So goes the uber-Boston anthem by former Boom Boom Band frontman (and brief member of The Velvet Underground) Willie “Loco” Alexander.

The Rathskellar, known affectionately as “The Rat,” was the seedy incubator of Boston’s rock scene from 1974 until it shut down in 1997. It skulked there on Commonwealth Avenue in Kenmore Square: a basement dive, dark and proudly dirty. It spawned Boston bands like The Cars, the Pixies and the Dropkick Murphys. At some point, the Ramones, Patti Smith, Wu-Tang Clan and Joan Jett all graced its stage.
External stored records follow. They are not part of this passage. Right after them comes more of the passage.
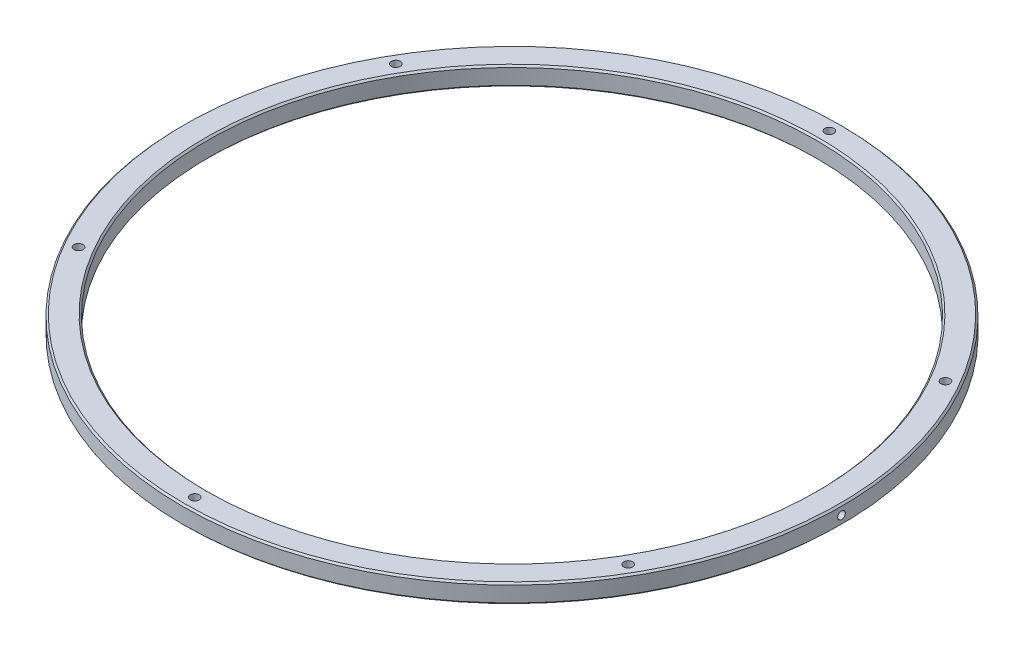
ISO-10303-21;
HEADER;
FILE_DESCRIPTION(('STEP AP214'),'2;1');
FILE_NAME('part.step','',(''),(''),'','','');
FILE_SCHEMA(('AUTOMOTIVE_DESIGN { 1 0 10303 214 1 1 1 1 }'));
ENDSEC;
DATA;
#1=APPLICATION_CONTEXT('core data for automotive mechanical design processes');
#2=APPLICATION_PROTOCOL_DEFINITION('international standard','automotive_design',2000,#1);
#3=PRODUCT_CONTEXT('',#1,'mechanical');
#4=PRODUCT('Part','Part','',(#3));
#5=PRODUCT_RELATED_PRODUCT_CATEGORY('part','',(#4));
#6=PRODUCT_DEFINITION_FORMATION('','',#4);
#7=PRODUCT_DEFINITION_CONTEXT('part definition',#1,'design');
#8=PRODUCT_DEFINITION('design','',#6,#7);
#9=PRODUCT_DEFINITION_SHAPE('','',#8);
#10=(LENGTH_UNIT() NAMED_UNIT(*) SI_UNIT(.MILLI.,.METRE.));
#11=(NAMED_UNIT(*) PLANE_ANGLE_UNIT() SI_UNIT($,.RADIAN.));
#12=(NAMED_UNIT(*) SI_UNIT($,.STERADIAN.) SOLID_ANGLE_UNIT());
#13=UNCERTAINTY_MEASURE_WITH_UNIT(LENGTH_MEASURE(1.E-05),#10,'distance_accuracy_value','');
#14=(GEOMETRIC_REPRESENTATION_CONTEXT(3) GLOBAL_UNCERTAINTY_ASSIGNED_CONTEXT((#13)) GLOBAL_UNIT_ASSIGNED_CONTEXT((#10,
#11,#12)) REPRESENTATION_CONTEXT('',''));
#15=CARTESIAN_POINT('',(0.,0.,0.));
#16=DIRECTION('',(0.,0.,1.));
#17=DIRECTION('',(1.,0.,0.));
#18=AXIS2_PLACEMENT_3D('',#15,#16,#17);
#19=CARTESIAN_POINT('',(0.,10.,0.));
#20=DIRECTION('',(0.,-1.,0.));
#21=DIRECTION('',(0.,0.,-1.));
#22=AXIS2_PLACEMENT_3D('',#19,#20,#21);
#23=CYLINDRICAL_SURFACE('',#22,175.);
#24=CARTESIAN_POINT('',(0.,0.888999999999973,0.));
#25=DIRECTION('',(0.,1.,0.));
#26=DIRECTION('',(0.,0.,1.));
#27=AXIS2_PLACEMENT_3D('',#24,#25,#26);
#28=CIRCLE('',#27,175.);
#29=CARTESIAN_POINT('',(0.,0.888999999999973,175.));
#30=VERTEX_POINT('',#29);
#31=EDGE_CURVE('E10',#30,#30,#28,.T.);
#32=ORIENTED_EDGE('',*,*,#31,.T.);
#33=EDGE_LOOP('',(#32));
#34=FACE_BOUND('',#33,.T.);
#35=CARTESIAN_POINT('',(0.,9.11100000000003,0.));
#36=DIRECTION('',(0.,1.,0.));
#37=DIRECTION('',(0.,0.,1.));
#38=AXIS2_PLACEMENT_3D('',#35,#36,#37);
#39=CIRCLE('',#38,175.);
#40=CARTESIAN_POINT('',(0.,9.11100000000003,-175.));
#41=VERTEX_POINT('',#40);
#42=EDGE_CURVE('E51',#41,#41,#39,.F.);
#43=ORIENTED_EDGE('',*,*,#42,.T.);
#44=EDGE_LOOP('',(#43));
#45=FACE_BOUND('',#44,.T.);
#46=CARTESIAN_POINT('',(174.98820239238,4.99928134064787,-2.03199987291553));
#47=CARTESIAN_POINT('',(174.988202570209,4.88479531172114,-2.03199365923341));
#48=CARTESIAN_POINT('',(174.988321210938,4.77023251183511,-2.02184241964528));
#49=CARTESIAN_POINT('',(174.988771961684,4.54427467390271,-1.98243708763626));
#50=CARTESIAN_POINT('',(174.98910454192,4.43288717945389,-1.95314091408695));
#51=CARTESIAN_POINT('',(174.989941765229,4.21664529370118,-1.87663009054582));
#52=CARTESIAN_POINT('',(174.990446146028,4.11178123053976,-1.82944274109848));
#53=CARTESIAN_POINT('',(174.991572227382,3.91138486214241,-1.71834747851327));
#54=CARTESIAN_POINT('',(174.992193793931,3.81584208519371,-1.65445863223467));
#55=CARTESIAN_POINT('',(174.99316705951,3.68135003597958,-1.54686159015817));
#56=CARTESIAN_POINT('',(174.993500152058,3.63778542503404,-1.5088048170447));
#57=CARTESIAN_POINT('',(174.994170036959,3.55417760604364,-1.42900315304231));
#58=CARTESIAN_POINT('',(174.994506829248,3.51413433792167,-1.38725832509912));
#59=CARTESIAN_POINT('',(174.995507056759,3.39969346954507,-1.25698561559439));
#60=CARTESIAN_POINT('',(174.996160655738,3.33094352858026,-1.16338638576851));
#61=CARTESIAN_POINT('',(174.997343785933,3.21197657746896,-0.968949344246464));
#62=CARTESIAN_POINT('',(174.997876379067,3.16127762878772,-0.868402177204877));
#63=CARTESIAN_POINT('',(174.998784832444,3.07673799937918,-0.660368849450822));
#64=CARTESIAN_POINT('',(174.999160689881,3.04289762033697,-0.552882564601315));
#65=CARTESIAN_POINT('',(174.99958205427,3.00519772124178,-0.386691740485421));
#66=CARTESIAN_POINT('',(174.999699492169,2.9947474844399,-0.329406812700526));
#67=CARTESIAN_POINT('',(174.9998784535,2.97882602162202,-0.214135140119631));
#68=CARTESIAN_POINT('',(174.999939980293,2.97335449638739,-0.156148437712286));
#69=CARTESIAN_POINT('',(175.000005086831,2.96755421319917,-0.0399459595556265));
#70=CARTESIAN_POINT('',(175.000008694774,2.96722295265631,0.0182696909179335));
#71=CARTESIAN_POINT('',(174.999957967073,2.97179896147085,0.134493870431488));
#72=CARTESIAN_POINT('',(174.999903631396,2.97670623386845,0.19250239935126));
#73=CARTESIAN_POINT('',(174.99974196756,2.99124004105372,0.305579832220002));
#74=CARTESIAN_POINT('',(174.999636829018,3.00067147107204,0.36067400748078));
#75=CARTESIAN_POINT('',(174.999377673265,3.02399673059137,0.469896537800808));
#76=CARTESIAN_POINT('',(174.999223655767,3.0378905863673,0.524024887171257));
#77=CARTESIAN_POINT('',(174.998693720698,3.08605613098121,0.684551753002757));
#78=CARTESIAN_POINT('',(174.998249952503,3.12680904830388,0.789071325159671));
#79=CARTESIAN_POINT('',(174.997205808091,3.22650591426776,0.994454532327489));
#80=CARTESIAN_POINT('',(174.99659972568,3.2861310492342,1.09498938919473));
#81=CARTESIAN_POINT('',(174.995635073546,3.38769308566503,1.23691603530736));
#82=CARTESIAN_POINT('',(174.995304308493,3.42356309391825,1.28274097883027));
#83=CARTESIAN_POINT('',(174.994634773728,3.49923268312198,1.37103769102855));
#84=CARTESIAN_POINT('',(174.994296004978,3.5390317928861,1.41350986067917));
#85=CARTESIAN_POINT('',(174.993629511773,3.62124717245,1.49372134065822));
#86=CARTESIAN_POINT('',(174.993301720397,3.6635751707496,1.53155126382363));
#87=CARTESIAN_POINT('',(174.992657320357,3.75127024105599,1.60348850065141));
#88=CARTESIAN_POINT('',(174.992340712799,3.79663761204991,1.63759544720933));
#89=CARTESIAN_POINT('',(174.991419874102,3.93686685571029,1.73410688135205));
#90=CARTESIAN_POINT('',(174.990844783648,4.03583715737115,1.79068386409452));
#91=CARTESIAN_POINT('',(174.98983192862,4.24204865375978,1.88707742775803));
#92=CARTESIAN_POINT('',(174.989394751567,4.34932287231249,1.92682254303988));
#93=CARTESIAN_POINT('',(174.988710226764,4.56895990518529,1.98802557957096));
#94=CARTESIAN_POINT('',(174.98846270593,4.6813179804679,2.00950017675126));
#95=CARTESIAN_POINT('',(174.988257173056,4.85201395639353,2.02728171498364));
#96=CARTESIAN_POINT('',(174.988216595273,4.90967828219293,2.03077672020764));
#97=CARTESIAN_POINT('',(174.98819447176,5.02509110364189,2.03268198510316));
#98=CARTESIAN_POINT('',(174.988212925491,5.08283959851632,2.03109229130902));
#99=CARTESIAN_POINT('',(174.988355753599,5.25557714957616,2.01877561547303));
#100=CARTESIAN_POINT('',(174.988567536179,5.37010778184744,2.00050610776576));
#101=CARTESIAN_POINT('',(174.989184259815,5.59132945514331,1.94578958326098));
#102=CARTESIAN_POINT('',(174.989583786324,5.69814902972441,1.90985088128677));
#103=CARTESIAN_POINT('',(174.990528674178,5.90458319030026,1.82121900058679));
#104=CARTESIAN_POINT('',(174.991074025107,6.00419829018412,1.76852701830801));
#105=CARTESIAN_POINT('',(174.992276348689,6.19692837471479,1.64533660114592));
#106=CARTESIAN_POINT('',(174.992936607636,6.28968501260456,1.57427031859738));
#107=CARTESIAN_POINT('',(174.993944361538,6.41826787717164,1.45635748449379));
#108=CARTESIAN_POINT('',(174.994283271507,6.45938022645378,1.41515445805689));
#109=CARTESIAN_POINT('',(174.994956743324,6.5377979066013,1.32927150113451));
#110=CARTESIAN_POINT('',(174.995291305039,6.57510312237866,1.28459146561247));
#111=CARTESIAN_POINT('',(174.996248386346,6.67844408619214,1.14932426752016));
#112=CARTESIAN_POINT('',(174.996850666145,6.73909474521977,1.054540290491));
#113=CARTESIAN_POINT('',(174.997932587279,6.8442792182308,0.856400700453925));
#114=CARTESIAN_POINT('',(174.998412132736,6.88880044325392,0.753038469150343));
#115=CARTESIAN_POINT('',(174.999210577482,6.96176199306666,0.536964713177678));
#116=CARTESIAN_POINT('',(174.999523700867,6.98962787711477,0.424057856247075));
#117=CARTESIAN_POINT('',(174.999928436711,7.02563245802375,0.195218692623221));
#118=CARTESIAN_POINT('',(175.00002028153,7.03379184833555,0.0792896888947458));
#119=CARTESIAN_POINT('',(174.99997260007,7.02957404256514,-0.149913062620454));
#120=CARTESIAN_POINT('',(174.999837560021,7.01759504328081,-0.263194428542191));
#121=CARTESIAN_POINT('',(174.999360001172,6.97496827173031,-0.486276424088285));
#122=CARTESIAN_POINT('',(174.999017252512,6.94429981658459,-0.596073055466022));
#123=CARTESIAN_POINT('',(174.998160118531,6.86532386841745,-0.809570049710768));
#124=CARTESIAN_POINT('',(174.997645101535,6.81695139557708,-0.913246299604544));
#125=CARTESIAN_POINT('',(174.996500179563,6.70378030865486,-1.11117189581382));
#126=CARTESIAN_POINT('',(174.995870387887,6.63899786934334,-1.2054303980608));
#127=CARTESIAN_POINT('',(174.994889550013,6.53007320344681,-1.33815027913542));
#128=CARTESIAN_POINT('',(174.9945538282,6.49145967167629,-1.381245381003));
#129=CARTESIAN_POINT('',(174.993882475156,6.41053290206212,-1.46383000323183));
#130=CARTESIAN_POINT('',(174.993546843922,6.36821978670842,-1.50331964287833));
#131=CARTESIAN_POINT('',(174.992885411739,6.28025063865243,-1.57843923556556));
#132=CARTESIAN_POINT('',(174.992559617862,6.23459227783856,-1.61406645697988));
#133=CARTESIAN_POINT('',(174.991926686455,6.14041027581037,-1.68128577081351));
#134=CARTESIAN_POINT('',(174.991619550126,6.09188645028422,-1.71287760325506));
#135=CARTESIAN_POINT('',(174.9907580327,5.94592068830775,-1.79940857291377));
#136=CARTESIAN_POINT('',(174.990240008058,5.84503636296602,-1.84866569100735));
#137=CARTESIAN_POINT('',(174.989357133785,5.63684519443047,-1.93043268311156));
#138=CARTESIAN_POINT('',(174.988992103033,5.52954611830843,-1.96296237019446));
#139=CARTESIAN_POINT('',(174.98855423983,5.3512181421963,-2.00152324765041));
#140=CARTESIAN_POINT('',(174.988423346514,5.28131221847808,-2.01289688540128));
#141=CARTESIAN_POINT('',(174.988247384998,5.1407075248009,-2.02813561795394));
#142=CARTESIAN_POINT('',(174.98820228252,5.07000908285774,-2.03200371163464));
#143=CARTESIAN_POINT('',(174.98820239238,4.99928134064787,-2.03199987291553));
#144=B_SPLINE_CURVE_WITH_KNOTS('',3,(#46,#47,#48,#49,#50,#51,#52,#53,#54,#55,#56,#57,#58,#59,
#60,#61,#62,#63,#64,#65,#66,#67,#68,#69,#70,#71,#72,#73,#74,#75,#76,#77,#78,#79,#80,#81,#82,#83,
#84,#85,#86,#87,#88,#89,#90,#91,#92,#93,#94,#95,#96,#97,#98,#99,#100,#101,#102,#103,#104,#105,
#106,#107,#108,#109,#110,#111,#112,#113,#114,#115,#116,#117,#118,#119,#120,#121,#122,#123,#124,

Some squares thought it represented everything that was wrong with America (looking at you, Mike Barnicle), but for many it was the forefront of the punk revolution against blah business as usual. The building was razed in 2000 to make room for the posh Hotel Commonwealth (which opened an “upscale retro” Rathskeller Suite last year).

It is fortunate that Alexander wrote “At The Rat” and immortalized the infamous establishment. And it is possible that, after its doors were shuttered and its walls demolished, the still-living soul of the Rat fluttered out and lodged itself permanently inside Alexander’s body. Decades after Boston’s punk and New Wave heydays, Alexander embodies the elusive, wiry energy that enlivened that underground haven throughout the ‘70s and ‘80s.

“He was the granddaddy of everything that was right about music at the time,” remembers David Minehan, an Arlington-based engineer who has performed with Alexander. “It wasn’t a quest to be rich and famous, even though everyone puts their card in the hat. But he just did it his way. It was music that was so left-of-center, and just impassioned, and irreverent, and awesome.”

On March 14, Alexander will mount the stage at the Spotlight Tavern in Beverly (along with the Nervous Eaters and the Knock Ups), a fit septuagenarian with an impossibly hip spikey silver haircut. 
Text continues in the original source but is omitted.